By the way, Brook Schoenfield is an active Google+ user. I don’t intend to slam Google’s products in any manner. Thank you, Google, for the great software that I use every day.

cheers

/brook

 

 

 

Agile & Security, Enemies For Life?

Are Agile software development and security permanent enemies?

I think not. In fact, I have participated with SCRUM development where building security into the results was more effective than classic waterfall. I’m an Secure Agile believer!

Dwayne Melancon, CTO of Tripwire, opined for BrightTALK on successful Agile for security.

Dwayne, I wish it was that simple! “Engage security early”. How often have I said that? “Prioritize vulnerabilities based on business impact”. Didn’t I say that at RSA? I hope I did?

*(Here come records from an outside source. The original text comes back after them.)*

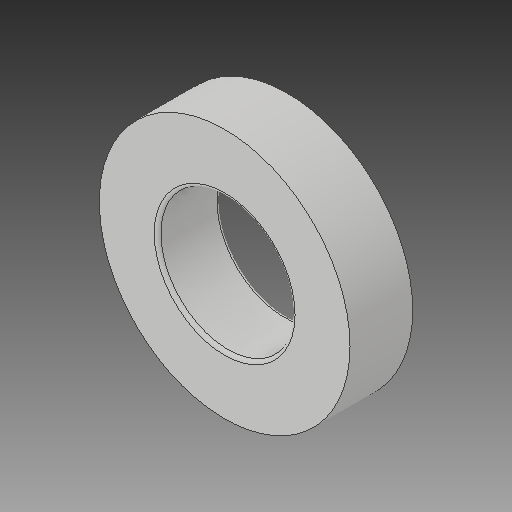
# Autodesk Inventor part: Wheel_16-30
Saved by Autodesk Inventor 2017 (Build 210142000, 142)
## iProperties
Created: 2017-03-22
Part Number: Wheel_16-30
Material: Generic
Document SubType Name: Modeling
Designer: Ali
Density: 1 g/cm^3
Appearance: Default
Author: Ali
Autodesk Inventor part; units mm, degrees
ref_plane "YZ Plane" through (0, 0, 0) normal (1, 0, 0) x (0, 1, 0)
ref_plane "XZ Plane" through (0, 0, 0) normal (0, 1, 0) x (-1, 0, 0)
ref_plane "XY Plane" through (0, 0, 0) normal (0, 0, 1) x (1, 0, 0)
sketch "Sketch1" plane through (0, 0, 0) normal (0, 0, 1) x (1, 0, 0)
  circle A0 centre (0, 0) radius 8.025
  circle A1 centre (0, 0) radius 0.3163
  circle A2 centre (0, 0) radius 15
  dimension "d0" = 16.05
  dimension "d1" = 30
  constraints: 3 centre point, 3 coincident
  measures "d0" diameter of A0
  measures "d1" diameter of A2
extrude "Extrusion1" add sketch "Sketch1" along normal blind 7.5 contours A2
fillet "Fillet1" radius 0.4 2 edges at (-8.025, 0, 7.5) (-8.025, 0, 0)
body "Solid1"
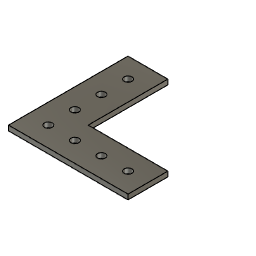
LBracket (Autodesk Fusion 360 design; units mm, degrees)
Autodesk Fusion 360 part; units mm, degrees
sketch "Sketch1" plane through (0, 0, 0) normal (0, 0, 1) x (1, 0, 0) in component "baseCorner"
  line L0 (0, 76.2) -> (0, 0)
  line L1 (0, 0) -> (76.2, 0)
  line L2 (76.2, 0) -> (76.2, 25.4)
  line L3 (76.2, 25.4) -> (25.4, 25.4)
  line L4 (25.4, 25.4) -> (25.4, 76.2)
  line L5 (25.4, 76.2) -> (0, 76.2)
  dimension "d12" = 25.4
  dimension "d13" = 25.4
  dimension "d14" = 76.2
  dimension "d15" = 76.2
  constraint vertical L0
  constraint perpendicular L0 L1
  constraint perpendicular L1 L2
  constraint perpendicular L2 L3
  constraint perpendicular L1 L4
  constraint perpendicular L0 L5
  constraint coincident L0.end L1.start
  measures "d12" distance of L0.start L4.end
  measures "d13" distance of L1.end L2.end
  measures "d14" distance of L0.end L1.end
  measures "d15" distance of L0.start L0.end
extrude "materialExtrude" add sketch "Sketch1" along normal blind 3.175 in component "baseCorner"
hole "initialHole" at (12.7, 12.7, 3.175) direction (0, 0, -1) diameter 4.9784 end through all in component "baseCorner"
pattern_linear "R-Pattern1" count 4 spacing 16.9333 along (1, 0, 0) count 4 spacing 16.9333 along (0, 1, 0) of "initialHole" in component "baseCorner"
component "baseCorner" placed x (1, 0, 0) y (0, 1, 0) z (0, 0, 1) at (0, 0, 0)
equation "thickness = 0.125 in"
equation "lengthX = 3 in"
equation "lengthY = 3 in"
equation "width = 1 in"
equation "holeD = 0.196 in" comment "#11 Rivet"
equation "numHolesX = 4"
equation "numHolesY = 4"
equation "d12 = width"
equation "d13 = width"
equation "d14 = lengthX"
equation "d15 = lengthY"
equation "d16 = thickness"
equation "d19 = holeD"
equation "d21 = width / 2"
equation "d22 = width / 2"
equation "d23 = numHolesX"
equation "d24 = numHolesY"
equation "d25 = ( lengthX - width ) / ( numHolesX - 1 )"
equation "d26 = ( lengthY - width ) / ( numHolesY - 1 )"
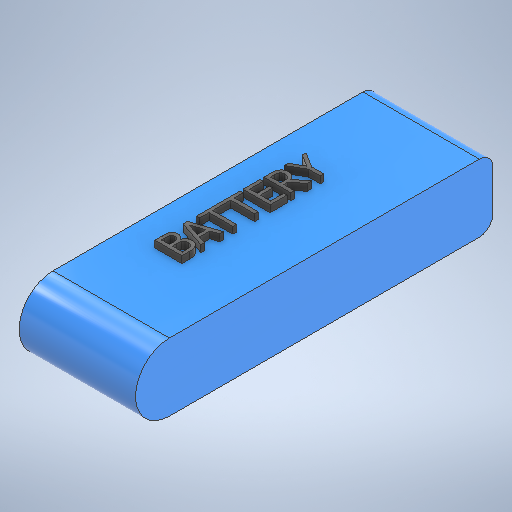
# Autodesk Inventor part: 3S Lipo Battery - 11.1 V
Saved by Autodesk Inventor 2025.2 (Build 292293000, 293)
## iProperties
Created: 2025-01-24
Part Number: 3S Lipo Battery - 11.1 V
Material: Generic
Document SubType Name: Modeling
Designer: Matt Tidd
Density: 1 g/cm^3
Appearance: Default
Author: Matt Tidd
Autodesk Inventor part; units mm, degrees
ref_plane "YZ Plane" through (0, 0, 0) normal (1, 0, 0) x (0, 1, 0)
ref_plane "XZ Plane" through (0, 0, 0) normal (0, 1, 0) x (-1, 0, 0)
ref_plane "XY Plane" through (0, 0, 0) normal (0, 0, 1) x (1, 0, 0)
sketch "Sketch1" plane through (0, 0, 0) normal (0, 1, 0) x (-1, 0, 0)
  line L0 (0, 0) -> (43, 0)
  line L1 (43, 0) -> (43, -132)
  line L2 (43, -132) -> (0, -132)
  line L3 (0, -132) -> (0, 0)
  dimension "d0" = 43
  dimension "d1" = 132
  constraints: 8 end point, 2 parallel, 1 horizontal, 1 perpendicular
  measures "d0" distance of L1.end L2.end
  measures "d1" distance of L0.end L1.end
extrude "Extrusion1" add sketch "Sketch1" along normal blind 25
fillet "Fillet1" radius 12.5 2 edges at (-21.5, 25, 0) (-21.5, 0, 0)
fillet "Fillet2" radius 5 2 edges at (-21.5, 25, -132) (-21.5, 0, -132)
sketch "Sketch2" plane through (0, 25, 0) normal (0, 1, 0) x (1, 0, 0)
  line L0 (0, 132) -> (-43, 132) construction
  line L1 (-21.5, 132) -> (-21.5, 0) construction
  line L2 (0, 12.5) -> (0, 127) construction
  line L3 (0, 66) -> (-43, 66) construction
  spline S0 degree 2 poles (-24.5713, 45.4206) (-23.8258, 45.4206) (-22.6831, 44.8533) (-22.3104, 44.3833) knots 0 0 0 1 2 2 2
  spline S1 degree 2 poles (-22.3104, 44.3833) (-21.8728, 43.816) (-21.5, 42.5276) (-21.5, 41.5065) knots 0 0 0 1 2 2 2
  line L4 (-21.5, 41.5065) -> (-21.5, 38.6378)
  line L5 (-21.5, 38.6378) -> (-31.5, 38.6378)
  line L6 (-31.5, 38.6378) -> (-31.5, 41.2877)
  spline S2 degree 2 poles (-31.5, 41.2877) (-31.5, 42.3574) (-31.3622, 43.4271) (-31.0948, 43.9133) knots 0 0 0 1 2 2 2
  spline S3 degree 2 poles (-31.0948, 43.9133) (-30.8112, 44.4562) (-29.8793, 44.9506) (-29.2472, 44.9506) knots 0 0 0 1 2 2 2
  spline S4 degree 2 poles (-29.2472, 44.9506) (-28.5421, 44.9506) (-27.4238, 44.205) (-27.1078, 43.5486) knots 0 0 0 1 2 2 2
  line L7 (-27.1078, 43.5486) -> (-27.0592, 43.5486)
  spline S5 degree 2 poles (-27.0592, 43.5486) (-26.816, 44.44) (-25.5276, 45.4206) (-24.5713, 45.4206) knots 0 0 0 1 2 2 2
  spline S6 degree 2 poles (-24.5146, 44.0348) (-25.0818, 44.0348) (-25.8112, 43.7107) (-26.0705, 43.2245) knots 0 0 0 1 2 2 2
  spline S7 degree 2 poles (-26.0705, 43.2245) (-26.2326, 42.9084) (-26.3298, 42.1629) (-26.3298, 41.4741) knots 0 0 0 1 2 2 2
  line L8 (-26.3298, 41.4741) -> (-26.3298, 39.9668)
  line L9 (-26.3298, 39.9668) -> (-22.6345, 39.9668)
  line L10 (-22.6345, 39.9668) -> (-22.6345, 41.0446)
  spline S8 degree 2 poles (-22.6345, 41.0446) (-22.6345, 41.9198) (-22.7966, 42.9246) (-23.0559, 43.3136) knots 0 0 0 1 2 2 2
  spline S9 degree 2 poles (-23.0559, 43.3136) (-23.3233, 43.6864) (-23.9878, 44.0348) (-24.5146, 44.0348) knots 0 0 0 1 2 2 2
  spline S10 degree 2 poles (-29.0608, 43.5648) (-29.4173, 43.5648) (-29.9522, 43.3217) (-30.1062, 43.0543) knots 0 0 0 1 2 2 2
  spline S11 degree 2 poles (-30.1062, 43.0543) (-30.2844, 42.7301) (-30.3655, 41.9441) (-30.3655, 41.2391) knots 0 0 0 1 2 2 2
  line L11 (-30.3655, 41.2391) -> (-30.3655, 39.9668)
  line L12 (-30.3655, 39.9668) -> (-27.44, 39.9668)
  line L13 (-27.44, 39.9668) -> (-27.44, 41.4741)
  spline S12 degree 2 poles (-27.44, 41.4741) (-27.44, 42.0981) (-27.5697, 42.6896) (-27.7723, 43.0057) knots 0 0 0 1 2 2 2
  spline S13 degree 2 poles (-27.7723, 43.0057) (-27.9668, 43.3136) (-28.5908, 43.5648) (-29.0608, 43.5648) knots 0 0 0 1 2 2 2
  line L14 (-21.5, 45.6637) -> (-31.5, 49.0348)
  line L15 (-31.5, 49.0348) -> (-31.5, 50.6718)
  line L16 (-31.5, 50.6718) -> (-21.5, 54.043)
  line L17 (-21.5, 54.043) -> (-21.5, 52.641)
  line L18 (-21.5, 52.641) -> (-24.2958, 51.7334)
  line L19 (-24.2958, 51.7334) -> (-24.2958, 47.9165)
  line L20 (-24.2958, 47.9165) -> (-21.5, 47.0089)
  line L21 (-21.5, 47.0089) -> (-21.5, 45.6637)
  line L22 (-25.4303, 51.3687) -> (-30.1386, 49.8209)
  line L23 (-30.1386, 49.8209) -> (-25.4303, 48.2812)
  line L24 (-25.4303, 48.2812) -> (-25.4303, 51.3687)
  line L25 (-21.5, 57.4546) -> (-30.3169, 57.4546)
  line L26 (-30.3169, 57.4546) -> (-30.3169, 54.0997)
  line L27 (-30.3169, 54.0997) -> (-31.5, 54.0997)
  line L28 (-31.5, 54.0997) -> (-31.5, 62.1386)
  line L29 (-31.5, 62.1386) -> (-30.3169, 62.1386)
  line L30 (-30.3169, 62.1386) -> (-30.3169, 58.7836)
  line L31 (-30.3169, 58.7836) -> (-21.5, 58.7836)
  line L32 (-21.5, 58.7836) -> (-21.5, 57.4546)
  line L33 (-21.5, 65.4935) -> (-30.3169, 65.4935)
  line L34 (-30.3169, 65.4935) -> (-30.3169, 62.1386)
  line L35 (-30.3169, 62.1386) -> (-31.5, 62.1386)
  line L36 (-31.5, 62.1386) -> (-31.5, 70.1775)
  line L37 (-31.5, 70.1775) -> (-30.3169, 70.1775)
  line L38 (-30.3169, 70.1775) -> (-30.3169, 66.8225)
  line L39 (-30.3169, 66.8225) -> (-21.5, 66.8225)
  line L40 (-21.5, 66.8225) -> (-21.5, 65.4935)
  line L41 (-21.5, 71.1985) -> (-31.5, 71.1985)
  line L42 (-31.5, 71.1985) -> (-31.5, 77.4546)
  line L43 (-31.5, 77.4546) -> (-30.3169, 77.4546)
  line L44 (-30.3169, 77.4546) -> (-30.3169, 72.5276)
  line L45 (-30.3169, 72.5276) -> (-27.5778, 72.5276)
  line L46 (-27.5778, 72.5276) -> (-27.5778, 77.1224)
  line L47 (-27.5778, 77.1224) -> (-26.3947, 77.1224)
  line L48 (-26.3947, 77.1224) -> (-26.3947, 72.5276)
  line L49 (-26.3947, 72.5276) -> (-22.6831, 72.5276)
  line L50 (-22.6831, 72.5276) -> (-22.6831, 77.4546)
  line L51 (-22.6831, 77.4546) -> (-21.5, 77.4546)
  line L52 (-21.5, 77.4546) -> (-21.5, 71.1985)
  line L53 (-21.5, 86.6524) -> (-21.5, 84.9263)
  line L54 (-21.5, 84.9263) -> (-25.4789, 81.7658)
  line L55 (-25.4789, 81.7658) -> (-25.4789, 80.2423)
  line L56 (-25.4789, 80.2423) -> (-21.5, 80.2423)
  line L57 (-21.5, 80.2423) -> (-21.5, 78.9133)
  line L58 (-21.5, 78.9133) -> (-31.5, 78.9133)
  line L59 (-31.5, 78.9133) -> (-31.5, 81.4903)
  spline S14 degree 2 poles (-31.5, 81.4903) (-31.5, 82.3493) (-31.3136, 83.5081) (-30.9733, 84.0348) knots 0 0 0 1 2 2 2
  spline S15 degree 2 poles (-30.9733, 84.0348) (-30.6329, 84.5616) (-29.5713, 85.1694) (-28.7853, 85.1694) knots 0 0 0 1 2 2 2
  spline S16 degree 2 poles (-28.7853, 85.1694) (-27.6912, 85.1694) (-26.2083, 84.0511) (-25.8517, 83.0948) knots 0 0 0 1 2 2 2
  line L60 (-25.8517, 83.0948) -> (-21.5, 86.6524)
  spline S17 degree 2 poles (-28.6799, 83.7836) (-29.1175, 83.7836) (-29.7901, 83.4757) (-30.0089, 83.1515) knots 0 0 0 1 2 2 2
  spline S18 degree 2 poles (-30.0089, 83.1515) (-30.1953, 82.8679) (-30.3493, 82.1143) (-30.3493, 81.5632) knots 0 0 0 1 2 2 2
  line L61 (-30.3493, 81.5632) -> (-30.3493, 80.2423)
  line L62 (-30.3493, 80.2423) -> (-26.5891, 80.2423)
  line L63 (-26.5891, 80.2423) -> (-26.5891, 81.4092)
  spline S19 degree 2 poles (-26.5891, 81.4092) (-26.5891, 81.9846) (-26.7917, 82.9003) (-27.1078, 83.2164) knots 0 0 0 1 2 2 2
  spline S20 degree 2 poles (-27.1078, 83.2164) (-27.3833, 83.5081) (-28.1613, 83.7836) (-28.6799, 83.7836) knots 0 0 0 1 2 2 2
  line L64 (-31.5, 94.4481) -> (-25.9246, 91.0689)
  line L65 (-25.9246, 91.0689) -> (-21.5, 91.0689)
  line L66 (-21.5, 91.0689) -> (-21.5, 89.7399)
  line L67 (-21.5, 89.7399) -> (-25.7869, 89.7399)
  line L68 (-25.7869, 89.7399) -> (-31.5, 86.3606)
  line L69 (-31.5, 86.3606) -> (-31.5, 87.8355)
  line L70 (-31.5, 87.8355) -> (-27.0997, 90.4125)
  line L71 (-27.0997, 90.4125) -> (-31.5, 93.0381)
  line L72 (-31.5, 93.0381) -> (-31.5, 94.4481)
  point P0 (0, 0)
  constraints: 4 end point, 2 vertical, 1 horizontal, 1 midpoint, 1 point on line
extrude "Extrusion2" add sketch "Sketch2" along normal blind 2.5
body "Solid1"
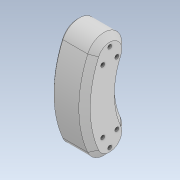
# Autodesk Inventor part: thigh_link
Saved by Autodesk Inventor 2020 (Build 240168000, 168)
## iProperties
Created: 2020-12-22
Part Number: thigh_link
Material: Generic
Document SubType Name: Modeling
Designer: DELL
Density: 1 g/cm^3
Appearance: Default
Author: DELL
Autodesk Inventor part; units mm, degrees
ref_plane "YZ Plane" through (0, 0, 0) normal (1, 0, 0) x (0, 1, 0)
ref_plane "XZ Plane" through (0, 0, 0) normal (0, 1, 0) x (-1, 0, 0)
ref_plane "XY Plane" through (0, 0, 0) normal (0, 0, 1) x (1, 0, 0)
sketch "Sketch1" plane through (0, 0, 0) normal (1, 0, 0) x (0, 1, 0)
  circle A0 centre (0, 0) radius 11.5 construction
  circle A1 centre (-100, 0) radius 11.5 construction
  line L0 (0, 0) -> (-100, 0) construction
  circle A2 centre (11.5, 0) radius 1.65
  circle A3 centre (-5.75, 9.9593) radius 1.65
  circle A4 centre (-5.75, -9.9593) radius 1.65
  line L1 (0, 0) -> (-5.75, 9.9593) construction
  line L2 (0, 0) -> (-5.75, -9.9593) construction
  line L3 (0, 11.5) -> (0, -11.5) construction
  circle A5 centre (0, 0) radius 9.715 construction
  circle A6 centre (-9.715, 0) radius 2
  circle A7 centre (4.8575, 8.4134) radius 2
  circle A8 centre (4.8575, -8.4134) radius 2
  line L4 (0, 0) -> (5.75, 9.9593) construction
  line L5 (0, 0) -> (5.75, -9.9593) construction
  circle A9 centre (0, 0) radius 25
  line L6 (-50, 45.5759) -> (-50, -45.5759) construction
  circle A10 centre (-111.5, 0) radius 1.65
  circle A11 centre (-94.25, 9.9593) radius 1.65
  circle A12 centre (-94.25, -9.9593) radius 1.65
  circle A13 centre (-90.285, 0) radius 2
  circle A14 centre (-104.8575, 8.4134) radius 2
  circle A15 centre (-104.8575, -8.4134) radius 2
  circle A16 centre (-100, 0) radius 25
  arc A17 (10, 22.9129) -> (-110, 22.9129) centre (-50, -114.5644) ccw
  arc A18 (-10, -22.9129) -> (-90, -22.9129) centre (-50, -114.5644) ccw
  circle A19 centre (11.5, 0) radius 2.75
  circle A20 centre (-5.75, 9.9593) radius 2.75
  circle A21 centre (-5.75, -9.9593) radius 2.75
  circle A22 centre (-111.5, 0) radius 2.75
  circle A23 centre (-94.25, 9.9593) radius 2.75
  circle A24 centre (-94.25, -9.9593) radius 2.75
  point P0 (-50, 0)
  dimension "d0" = 23
  dimension "d1" = 100
  dimension "d2" = 3.3
  dimension "d3" = 30
  dimension "d4" = 30
  dimension "d5" = 19.43
  dimension "d6" = 4
  dimension "d7" = 30
  dimension "d8" = 50
  dimension "d9" = 200
  dimension "d12" = 5.5
  dimension "d23" = 150
  constraints: 24 centre point, 14 end point, 11 point on circle, 10 symmetric about line, 6 coincident, 6 equal radius, 4 midpoint, 4 point on line, 2 tangent, 2 vertical, 1 horizontal, 1 horizontal alignment, 21 other
  measures "d1" distance of L0.end point (0, 0)
  measures "d2" diameter of A2
  measures "d3" angle of L3 L1
  measures "d4" angle of L3 L2
  measures "d5" diameter of A5
  measures "d6" diameter of A7
  measures "d7" angle of L3 L4
  measures "d8" diameter of A9
  measures "d9" diameter of A18
  measures "d12" diameter of A19
  measures "d23" radius of A17
extrude "Extrusion1" add sketch "Sketch1" against normal blind 45 contours A6 | A7 | A8 | A9 | A9 A18 A16 A17 | A16 | A13 | A14 | A15 | A19 | A20 | A21 | A22 | A23 | A24
extrude "Extrusion2" cut sketch "Sketch1" against normal blind 35 contours A19 | A20 | A21 | A22 | A23 | A24
extrude "Extrusion3" cut sketch "Sketch1" along normal blind 5 from surface at -45 contours A6 | A7 | A8 | A13 | A14 | A15
chamfer "Chamfer1" distance 8 angle 45 4 edges at (0, 22.9129, -10) (0, -50, 35.4356) (0, -122.9129, -10) (0, -50, -14.5644)
chamfer "Chamfer2" distance 2 angle 45 4 edges at (-45, 22.9129, -10) (-45, -50, -14.5644) (-45, -122.9129, -10) (-45, -50, 35.4356)
equation "\"d1\" = thigh_length"
equation "\"thigh_length\" = 100"
body "Solid1"

Yes, these are important points. But they’re hardly news to security practitioners in the trenches building programmes.

Producing secure software when using an Agile menthod is not quite as simple as “architect and design early”. Yes, that’s important, of course. We’ve been saying “build security in, don’t bolt it on” for years now. That has not changed.

I believe that the key is to integrate security into the Agile process from architecture through testing. Recognize that we have to trust, work with, and make use of the agile process rather than fighting. After all, one of the key values that makes SCRUM so valuable is trust. Trust and collaboration are key to Agile success. I argue that trust and collaboration are keys to Agile that produces secure software.

In SCRUM, what is going to be built is considered during user story creation. That’s the “early” part. A close relationship with the Product Owner is critical to get security user stories onto the backlog and critical during user story prioritization. And, the security person should be familiar with any existing architecture during user story creation. That way, security can be considered in context and not ivory tower.

I’ve seen security develop a basic set of user stories that fit a particular class or type of project. These can be templated and simply added in at the beginning, perhaps tweaked for local variation.

At the beginning of each Sprint, stories are chosen for development from out of the back log, During this process, considerable design takes place. Make security an integral part of that process, either through direct participation or by proxy.

Really, in my experience, all the key voices should be a part of this selection and refinement process. Quality people can offer why a paticular approach is easier to test, architects can offer whether a story has been accounted for in the architecture, etc. Security is one of the important voices, but certainly not the only one.

Security experts need to make themselves available throughout a Sprint to answer questions about implementation details, the correct way to securely build each user story under development.  Partnership. Help SCRUM members be security “eyes and ears” on the ground.

Finally, since writing secure code is very much a discipline and practice, appropriate testing and vulnerability assurance steps need to be a part of every sprint. I think that these need to be part of Definition of Done.

Everyone is involved in security in Agile. Security folk can’t toss security “over the wall” and expect secure results. We have to get our hands dirty, get some implementation grease under the proverbial fingernails in order to earn the trust of the SCRUM teams.

Trust and collaboration are success factors, but these are also security factors. If the entire team are considering security throughout the process, they can at the very least call for help when there is any question. In my experience, over time, many teams will develop their team security expertise, allowing them to be far more self-sufficient – which is part of the essence of Agile.

Us security folk are going to have to give up control and instead become collaborators, partners. I don’t always get security built the way that I might think about it, but it gets built in. And, I learn lots of interesting, creative, innovative approaches from my colleagues along the way.